6. Training Dynamics, Hyperparameter Transfer, and Empirical Outcomes

Under μP, feature learning remains active: signals neither vanish nor explode, and every layer moves at O(1) per update—a sharp contrast to NTK/lazy regimes, where only the output layer evolves. Further, in u-μP, mutual independence of hyperparameters means that individual sweeps can be combined without retuning—a property not shared by vanilla μP. Empirical studies show stable losses, improved generalization, and low-precision training compatibility (FP8/BF16) out-of-the-box in u-μP, where traditional μP may underflow (Blake et al., 2024).

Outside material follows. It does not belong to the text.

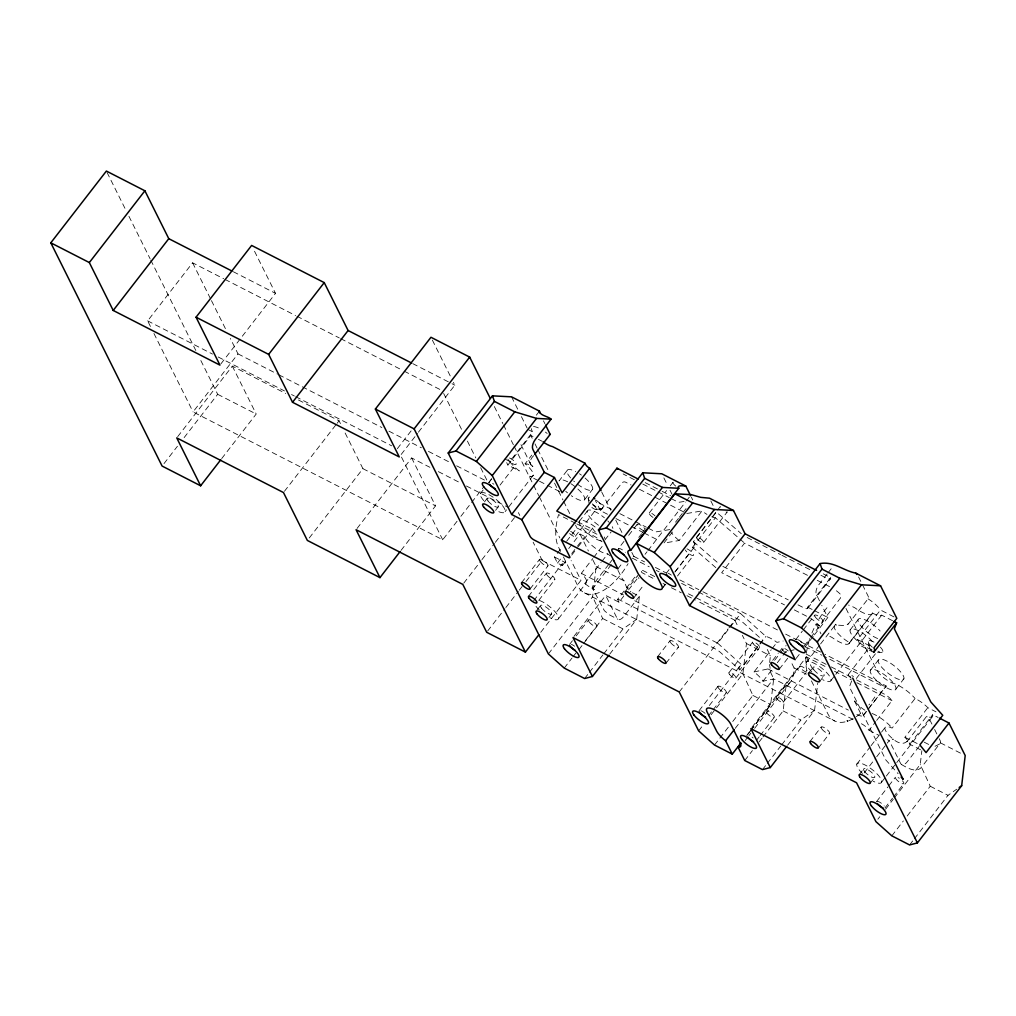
<?xml version="1.0" encoding="UTF-8"?>
<svg xmlns="http://www.w3.org/2000/svg" width="1016" height="1016" viewBox="0 0 1016 1016"><rect width="100%" height="100%" fill="white"/><g stroke="black" fill="none" stroke-linecap="round" stroke-linejoin="round"><path stroke-width="0.75" stroke-dasharray="5 3.75" d="M548.373 653.936L592.645 596.748L596.176 566.585L591.947 558.089M609.74 654.113L636.689 619.303L639.381 596.316L632.219 592.645M711.149 714.718L742.912 673.697L746.442 643.534L742.34 635.292M769.658 662.457L770.433 655.815L766.216 647.344M750.519 730.567L770.674 704.533L773.697 678.663L770.877 672.948L769.518 664.502M762.978 736.956L783.133 710.921L786.168 685.051C793.178 682.79 793.598 673.989 794.093 667.931L790.575 660.87M787.616 745.198L814.565 710.387L817.74 683.235M894.245 798.055L920.242 764.502L921.855 750.71M851.598 681.038L849.427 686.93L885.85 759.993L898.081 773.659M906.996 741.705L926.617 716.331A15.405 4.635 37.8 0 0 932.675 714.667L938.111 717.448M901.357 764.438C906.983 767.715 916.762 773.938 922.058 766.534L940.435 742.861A13.144 3.962 37.8 0 0 939.99 740.245L937.971 736.206M834.339 626.123L820.344 644.246M536.334 415.176L539.204 411.455M533.286 475.247L505.13 511.62M533.692 600.748L562.47 563.435M739.203 666.928L708.457 706.653M856.805 764.159L870.128 746.9M871.08 745.668L880.605 733.336M881.558 732.104L885.355 727.177M150.444 326.466L147.65 320.865L192.596 262.814L223.634 278.702M220.891 363.868L275.514 293.345L253.035 248.26M457.06 521.246L442.709 539.775L193.053 411.925L237.998 353.873L230.315 338.468M177.698 436.651L232.321 366.128L285.686 393.459M164.02 463.588L177.432 446.265M184.137 437.604L217.678 394.297L199.352 357.556M221.704 458.572L256.197 414.02L232.321 366.128M284.429 491.312L336.169 424.485M337.134 423.253L339.052 420.776L296.913 399.212M309.27 537.972L362.928 468.681L344.665 432.054M397.32 448.716L411.658 430.187M401.18 454.457L417.474 433.426M418.427 432.194L454.838 385.166L453.428 382.346M357.035 528.485L411.645 457.949L429.908 467.309M401.041 550.393L435.534 505.854L411.645 457.949M460.883 516.306L482.892 487.896M491.655 478.752L488.823 482.41A5.271 1.587 37.8 0 1 493.84 484.226M480.301 493.674L483.146 490.004M488.81 482.676L491.655 479.019M504.85 458.978L509.778 461.493L532.689 431.902A15.405 4.635 37.8 0 1 531.305 428.587M509.778 461.493A15.392 4.635 37.8 0 0 519.316 470.903L507.873 465.049L530.797 435.458L533.337 436.753M484.467 501.917L487.159 498.437M500.037 485.115L516.09 464.388M538.137 480.543L529.692 476.225A15.392 4.635 37.8 0 0 525.12 463.74L531.8 455.117M533.679 455.701C530.619 458.28 528.13 464.223 532.917 466.458A15.392 4.635 37.8 0 0 525.12 463.74M495.567 510.337L498.272 506.857M463.766 583.133L481.012 560.857M481.965 559.625L494.424 543.535M495.376 542.303L516.458 515.087M567.017 470.662L559.054 480.949A15.913 4.788 37.8 0 1 573.1 485.165A15.913 4.788 37.8 0 1 584.759 499.237A15.913 4.788 37.8 0 1 571.297 495.719M584.708 499.491L592.671 489.204M521.551 582.651L539.534 559.435M487.642 631.038L504.889 608.762M505.854 607.53L518.3 591.439M519.265 590.207L522.135 586.486M525.971 581.546L542.265 560.502L533.133 542.188M579.247 521.449L587.21 511.162M554.444 556.997L565.874 562.851A15.392 4.635 37.8 0 0 562.394 565.595L557.479 563.067L554.444 556.997L556.323 554.571M557.251 553.364L561.937 547.319M566.623 541.274L576.923 527.964L575.526 525.158M529.996 589.064L547.98 565.836M528.422 596.43L546.392 573.202M575.285 536.308L596.303 509.168A4.381 1.321 37.8 0 0 591.668 504.215M557.479 563.067L562.153 557.022M568.719 548.551L579.958 534.048L584.873 536.562A15.405 4.635 37.8 0 0 594.766 547.751A15.405 4.635 37.8 0 0 607.72 553.872A15.392 4.635 37.8 0 0 610.286 555.866M562.394 565.595L567.08 559.549M571.767 553.491L576.453 547.446M577.38 546.24L584.873 536.562M571.729 555.104L577.342 547.853M578.282 546.633L592.328 528.498M538.759 600.393L554.85 579.615M536.943 610.159L540.55 605.511M604.901 539.991L611.086 531.99M592.036 588.467L594.335 589.636L592.036 588.467A15.392 4.635 37.8 0 1 584.81 583.463A15.392 4.635 37.8 0 0 581.317 573.354L592.773 558.559M593.725 557.327L603.275 544.995M548.957 617.41L551.65 613.931M540.753 632.308L580.987 580.339L571.132 560.553M584.81 583.463L601.04 562.496M601.993 561.264L607.72 553.872M558.508 618.693L586.664 582.359M623.976 541.401L618.312 548.716A5.271 1.587 37.8 0 1 625.323 552.31M628.688 535.305L637.184 524.332M608.686 564.464L593.509 584.124L592.214 587.667L604.38 610.718L609.321 614.82L617.804 619.239M609.651 563.22L612.559 559.46M649.249 512.978L666.585 490.601M670.23 485.889L672.973 482.359M592.214 587.667L592.798 588.505L614.566 560.4M638.772 537.388L641.617 533.717M642.557 532.498L645.401 528.828M617.868 568.871L622.656 562.686M573.976 636.334L605.676 595.414L618.998 602.234L623.773 596.062M569.595 644.411L572.427 640.753M576.199 635.876L588.467 620.027M645.071 554.279L647.001 551.802M647.954 550.558L685.47 502.107M686.435 500.875L689.318 497.142M675.538 522.16L678.409 518.465M679.361 517.233L682.231 513.524M683.184 512.293L686.041 508.597M564.236 668.083L571.919 658.165M572.884 656.933L575.767 653.212M585.368 640.817L602.653 618.49L592.645 596.748M618.998 602.234L617.588 599.402L636.676 574.739M578.93 649.554L582.701 644.677M583.641 643.458L596.862 626.389M625.17 591.693L637.565 575.691A5.309 1.6 37.8 0 0 637.489 576.161M672.452 532.016L663.854 543.115L679.094 540.512L702.005 510.908A15.405 4.635 37.8 0 0 706.984 514.401M628.536 589.902L640.004 575.094M633.616 598.094L644.106 584.556M639.381 596.316L623.646 616.636A7.696 3.886 -62.9 0 1 617.131 618.388L605.676 595.414M584.619 678.523L588.467 673.57M589.42 672.325L602.869 654.964M603.822 653.732L623.037 628.929L636.689 619.303M666.28 573.278L669.112 569.62M696.582 537.21L716.648 511.302M717.563 510.121L720.293 506.59A4.381 1.321 37.8 0 0 720.827 508.165M715.823 567.639L692.493 547.37A15.405 4.635 37.8 0 0 694.296 543.331L693.471 541.68L716.394 512.077L741.261 533.679M692.493 547.37L715.416 517.779L738.746 538.048M662.229 588.404L665.366 584.327M674.853 572.097L690.016 552.526M677.507 575.983L693.56 555.257M703.567 542.506L727.278 511.886A4.381 1.321 37.8 0 1 725.767 511.912M807.479 575.323L744.576 543.115L721.665 572.707L784.555 604.914M657.606 656.742L670.001 640.753M666.052 663.156L678.447 647.154M679.234 691.972L728.104 628.866M729.069 627.634L734.809 620.205L696.811 600.748M634.746 600.723L717.715 643.204L729.17 628.409M730.123 627.164L740.626 613.601L765.899 636.435A15.405 4.635 37.8 0 1 776.961 642.366L783.145 641.02M699.084 710.717L717.956 686.333M728.904 672.744L752.627 642.125M617.588 599.402A7.696 2.311 37.8 0 1 620.586 600.405L715.683 649.097A7.696 2.311 37.8 0 1 720.56 652.526L739.775 669.887L762.698 640.296L743.483 622.935A7.696 2.311 37.8 0 0 738.594 619.506L685.457 592.29M739.775 669.874A15.405 4.635 37.8 0 1 742.988 666.039L765.899 636.435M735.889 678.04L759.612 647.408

On large language modeling tasks, SμPar yields up to $11.9\%$ relative loss improvement at extreme sparsity (99.2%) and up to $4.1\times$ compute efficiency gain over standard parameterizations. For operator networks, μTransfer-FNO maintains test error while reducing compute cost to $0.30\times$ the cost of direct tuning on the full-scale model. In second-order optimization, μP’s prescription ensures joint transferability of learning rate and damping parameters and avoids pathological dynamics observed in SP or uniform parametrizations (Dey et al., 2024, Li et al., 24 Jun 2025, Ishikawa et al., 2023).

7. Generalizations, Limitations, and Theoretical Insights

μP forms the “maximal update/mean-field” endpoint ($s=1$) in a one-parameter meta-family of infinite-width scaling strategies, interpolating between NTK ($s=0$) and coupled limits ($0$L \sim n^{1-s}$ and robust representation learning when $s=1$ (Yaida, 2022). The abc-symmetry provides a mathematical invariance, allowing redistribution of scale among $A_W$, $B_W$, $C_W$ without affecting optimization or forward activations.

The μP paradigm is generic:

• It applies wherever model size (width, sparsity, number of modes/operators) increases systematically
• The only caveat is delicate handling of residual branches and operator layers, which may require nontrivial spectral-norm scaling analysis (Li et al., 24 Jun 2025)
• For very large architectures or alternative update rules (e.g., local or operator-based learning), explicit verification of O(1) update and signal norms may be required, following the detailed scaling laws for each structure

In sum, Maximal Update Parameterization provides a principled, scalable framework for hyperparameter tuning and transfer, ensuring robust feature-learning and stable dynamics across the entire spectrum of modern neural network families (Blake et al., 2024, Li et al., 24 Jun 2025, Dey et al., 2024, Yaida, 2022, Ishikawa et al., 2024, Ishikawa et al., 2023).